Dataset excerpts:

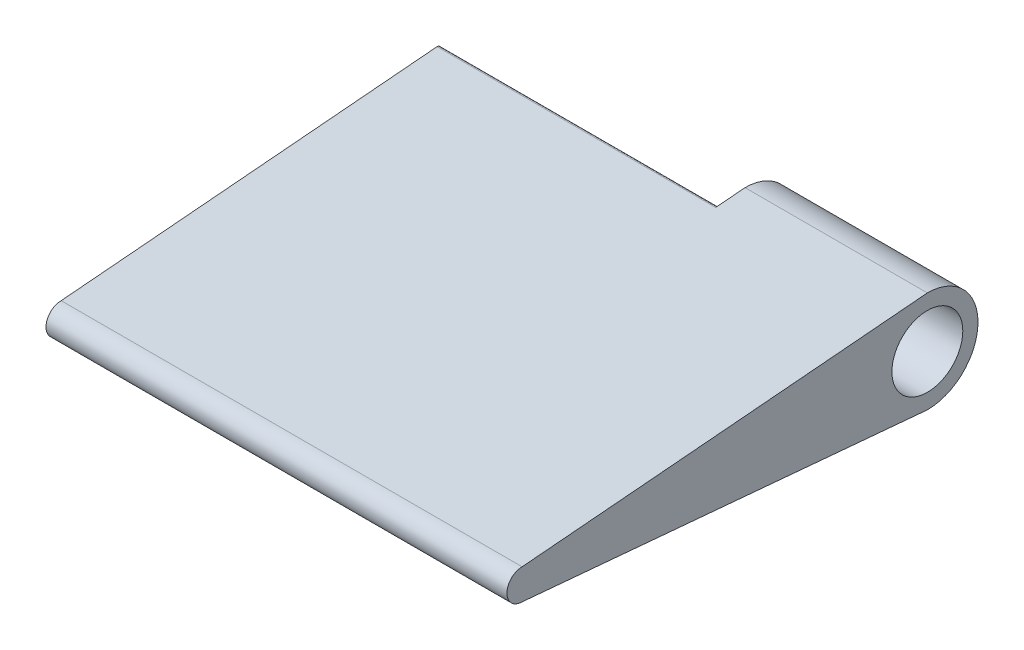
from build123d import *

# Parameters (mm, degrees)
BOSS_EXTRUDE1_DEPTH = 27.5
BOSS_EXTRUDE2_START = 18
SKETCH1_3_R         = 3.5
BOSS_EXTRUDE2_DEPTH = 18
FILLET1_R           = 0.3
CUT_EXTRUDE2_DEPTH  = 48


with BuildPart() as part:
    # Sketch1 → Boss-Extrude1 (new body)
    with BuildSketch(Plane(origin=(0, 0, 0), x_dir=(0, 0, -1), z_dir=(1, 0, 0))):
        with BuildLine():
            Line((-0.8465509939293128, 4.927814060481298), (-40, 1.5891746611200548))
            ThreePointArc((-40, 1.5891746611200588), (-41.50000000000001, 0.08917466112005495), (-40, -1.4108253388799492))
            Line((-40, -1.4108253388799452), (-0.890126933588725, -4.9201294741195705))
            ThreePointArc((-0.8901269335887271, -4.92012947411955), (-4.999951051875788, 0.02212416882480251), (-0.8465509939292982, 4.927814060481311))
        make_face()
    extrude(amount=-BOSS_EXTRUDE1_DEPTH)

    # Sketch1<3> → Boss-Extrude2 (add)
    with BuildSketch(Plane(origin=(0, 0, 0), x_dir=(0, 0, -1), z_dir=(1, 0, 0)).offset(BOSS_EXTRUDE2_START)):
        with BuildLine():
            ThreePointArc((-40, 1.5891746611200588), (-41.50000000000001, 0.08917466112005495), (-40, -1.4108253388799492))
            Line((-40, -1.4108253388799452), (0, -4.999999999999999))
            ThreePointArc((0, -4.999999999999999), (4.999999999999999, -3.1e-16), (6.1e-16, 4.999999999999999))
            Line((0, 5), (-40, 1.5891746611200546))
        make_face()
        Circle(SKETCH1_3_R, mode=Mode.SUBTRACT)
    extrude(amount=-BOSS_EXTRUDE2_DEPTH)

    # Fillet1
    fillet1_edges = [part.edges().sort_by_distance(p)[0] for p in [
        (-13.75, -4.920129474119561, 0.8901269335887261),
        (-13.75, 4.927814060481305, 0.8465509939293054),
    ]]
    fillet(fillet1_edges, radius=FILLET1_R)

    # Sketch2 → Cut-Extrude2 (cut)
    with BuildSketch(Plane.XY):
        Polygon((-27.5, -1.5377558092034955), (-9.500000000000002, -1.5377558092034957), (-9.500000000000002, -6.987023089706997), (-27.5, -6.987023089707), align=None)
    extrude(amount=CUT_EXTRUDE2_DEPTH, mode=Mode.SUBTRACT)


solid = part.part
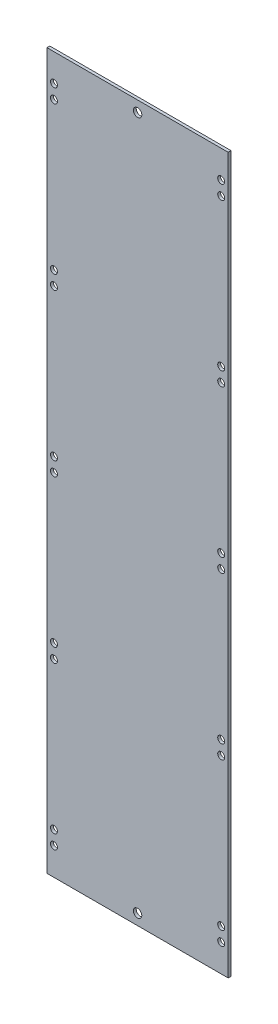
from build123d import *

# Parameters (mm, degrees)
SKETCH1_W           = 83
SKETCH1_H           = 327.5
BOSS_EXTRUDE1_DEPTH = 1.3
SKETCH2_R           = 1.6
CUT_EXTRUDE1_DEPTH  = 1.3
SKETCH3_R           = 1.93
CUT_EXTRUDE2_DEPTH  = 1.3


with BuildPart() as part:
    # Sketch1 → Boss-Extrude1 (new body)
    with BuildSketch(Plane.XY):
        with Locations((41.5, 163.75)):
            Rectangle(SKETCH1_W, SKETCH1_H)
    extrude(amount=BOSS_EXTRUDE1_DEPTH)

    # Sketch2 → Cut-Extrude1 (cut)
    with BuildSketch(Plane.XY.offset(1.3)):
        with Locations((3.2, 314.9)):
            Circle(SKETCH2_R)
        with Locations((3.2, 308.5)):
            Circle(SKETCH2_R)
        with Locations((79.8, 314.9)):
            Circle(SKETCH2_R)
        with Locations((79.8, 308.5)):
            Circle(SKETCH2_R)
        with Locations((3.2, 240.925)):
            Circle(SKETCH2_R)
        with Locations((3.2, 234.525)):
            Circle(SKETCH2_R)
        with Locations((79.8, 240.925)):
            Circle(SKETCH2_R)
        with Locations((79.8, 234.525)):
            Circle(SKETCH2_R)
        with Locations((3.2, 166.95)):
            Circle(SKETCH2_R)
        with Locations((3.2, 160.55)):
            Circle(SKETCH2_R)
        with Locations((79.8, 166.95)):
            Circle(SKETCH2_R)
        with Locations((79.8, 160.55)):
            Circle(SKETCH2_R)
        with Locations((3.2, 92.975)):
            Circle(SKETCH2_R)
        with Locations((3.2, 86.575)):
            Circle(SKETCH2_R)
        with Locations((79.8, 92.975)):
            Circle(SKETCH2_R)
        with Locations((79.8, 86.575)):
            Circle(SKETCH2_R)
        with Locations((3.2, 19)):
            Circle(SKETCH2_R)
        with Locations((3.2, 12.6)):
            Circle(SKETCH2_R)
        with Locations((79.8, 19)):
            Circle(SKETCH2_R)
        with Locations((79.8, 12.6)):
            Circle(SKETCH2_R)
    extrude(amount=-CUT_EXTRUDE1_DEPTH, mode=Mode.SUBTRACT)

    # Sketch3 → Cut-Extrude2 (cut)
    with BuildSketch(Plane.XY.offset(1.3)):
        with Locations((41.5, 322.524)):
            Circle(SKETCH3_R)
        with Locations((41.5, 4.976)):
            Circle(SKETCH3_R)
    extrude(amount=-CUT_EXTRUDE2_DEPTH, mode=Mode.SUBTRACT)


solid = part.part

- [About this task]: Write out the data exactly, and exclude every picture it holds.

- [Written solution]:
from build123d import *

# Parameters (mm, degrees)
BOSS_EXTRUDE1_DEPTH = 27.5
BOSS_EXTRUDE2_START = 18
SKETCH1_3_R         = 3.5
BOSS_EXTRUDE2_DEPTH = 18
FILLET1_R           = 0.3
CUT_EXTRUDE2_DEPTH  = 48


with BuildPart() as part:
    # Sketch1 → Boss-Extrude1 (new body)
    with BuildSketch(Plane(origin=(0, 0, 0), x_dir=(0, 0, -1), z_dir=(1, 0, 0))):
        with BuildLine():
            Line((-0.8465509939293128, 4.927814060481298), (-40, 1.5891746611200548))
            ThreePointArc((-40, 1.5891746611200588), (-41.50000000000001, 0.08917466112005495), (-40, -1.4108253388799492))
            Line((-40, -1.4108253388799452), (-0.890126933588725, -4.9201294741195705))
            ThreePointArc((-0.8901269335887271, -4.92012947411955), (-4.999951051875788, 0.02212416882480251), (-0.8465509939292982, 4.927814060481311))
        make_face()
    extrude(amount=-BOSS_EXTRUDE1_DEPTH)

    # Sketch1<3> → Boss-Extrude2 (add)
    with BuildSketch(Plane(origin=(0, 0, 0), x_dir=(0, 0, -1), z_dir=(1, 0, 0)).offset(BOSS_EXTRUDE2_START)):
        with BuildLine():
            ThreePointArc((-40, 1.5891746611200588), (-41.50000000000001, 0.08917466112005495), (-40, -1.4108253388799492))
            Line((-40, -1.4108253388799452), (0, -4.999999999999999))
            ThreePointArc((0, -4.999999999999999), (4.999999999999999, -3.1e-16), (6.1e-16, 4.999999999999999))
            Line((0, 5), (-40, 1.5891746611200546))
        make_face()
        Circle(SKETCH1_3_R, mode=Mode.SUBTRACT)
    extrude(amount=-BOSS_EXTRUDE2_DEPTH)

    # Fillet1
    fillet1_edges = [part.edges().sort_by_distance(p)[0] for p in [
        (-13.75, -4.920129474119561, 0.8901269335887261),
        (-13.75, 4.927814060481305, 0.8465509939293054),
    ]]
    fillet(fillet1_edges, radius=FILLET1_R)

    # Sketch2 → Cut-Extrude2 (cut)
    with BuildSketch(Plane.XY):
        Polygon((-27.5, -1.5377558092034955), (-9.500000000000002, -1.5377558092034957), (-9.500000000000002, -6.987023089706997), (-27.5, -6.987023089707), align=None)
    extrude(amount=CUT_EXTRUDE2_DEPTH, mode=Mode.SUBTRACT)


solid = part.part
from build123d import *

# Parameters (mm, degrees)
SKETCH1_W           = 83
SKETCH1_H           = 327.5
BOSS_EXTRUDE1_DEPTH = 1.3
SKETCH2_R           = 1.6
CUT_EXTRUDE1_DEPTH  = 1.3
SKETCH3_R           = 1.93
CUT_EXTRUDE2_DEPTH  = 1.3


with BuildPart() as part:
    # Sketch1 → Boss-Extrude1 (new body)
    with BuildSketch(Plane.XY):
        with Locations((41.5, 163.75)):
            Rectangle(SKETCH1_W, SKETCH1_H)
    extrude(amount=BOSS_EXTRUDE1_DEPTH)

    # Sketch2 → Cut-Extrude1 (cut)
    with BuildSketch(Plane.XY.offset(1.3)):
        with Locations((3.2, 314.9)):
            Circle(SKETCH2_R)
        with Locations((3.2, 308.5)):
            Circle(SKETCH2_R)
        with Locations((79.8, 314.9)):
            Circle(SKETCH2_R)
        with Locations((79.8, 308.5)):
            Circle(SKETCH2_R)
        with Locations((3.2, 240.925)):
            Circle(SKETCH2_R)
        with Locations((3.2, 234.525)):
            Circle(SKETCH2_R)
        with Locations((79.8, 240.925)):
            Circle(SKETCH2_R)
        with Locations((79.8, 234.525)):
            Circle(SKETCH2_R)
        with Locations((3.2, 166.95)):
            Circle(SKETCH2_R)
        with Locations((3.2, 160.55)):
            Circle(SKETCH2_R)
        with Locations((79.8, 166.95)):
            Circle(SKETCH2_R)
        with Locations((79.8, 160.55)):
            Circle(SKETCH2_R)
        with Locations((3.2, 92.975)):
            Circle(SKETCH2_R)
        with Locations((3.2, 86.575)):
            Circle(SKETCH2_R)
        with Locations((79.8, 92.975)):
            Circle(SKETCH2_R)
        with Locations((79.8, 86.575)):
            Circle(SKETCH2_R)
        with Locations((3.2, 19)):
            Circle(SKETCH2_R)
        with Locations((3.2, 12.6)):
            Circle(SKETCH2_R)
        with Locations((79.8, 19)):
            Circle(SKETCH2_R)
        with Locations((79.8, 12.6)):
            Circle(SKETCH2_R)
    extrude(amount=-CUT_EXTRUDE1_DEPTH, mode=Mode.SUBTRACT)

    # Sketch3 → Cut-Extrude2 (cut)
    with BuildSketch(Plane.XY.offset(1.3)):
        with Locations((41.5, 322.524)):
            Circle(SKETCH3_R)
        with Locations((41.5, 4.976)):
            Circle(SKETCH3_R)
    extrude(amount=-CUT_EXTRUDE2_DEPTH, mode=Mode.SUBTRACT)


solid = part.part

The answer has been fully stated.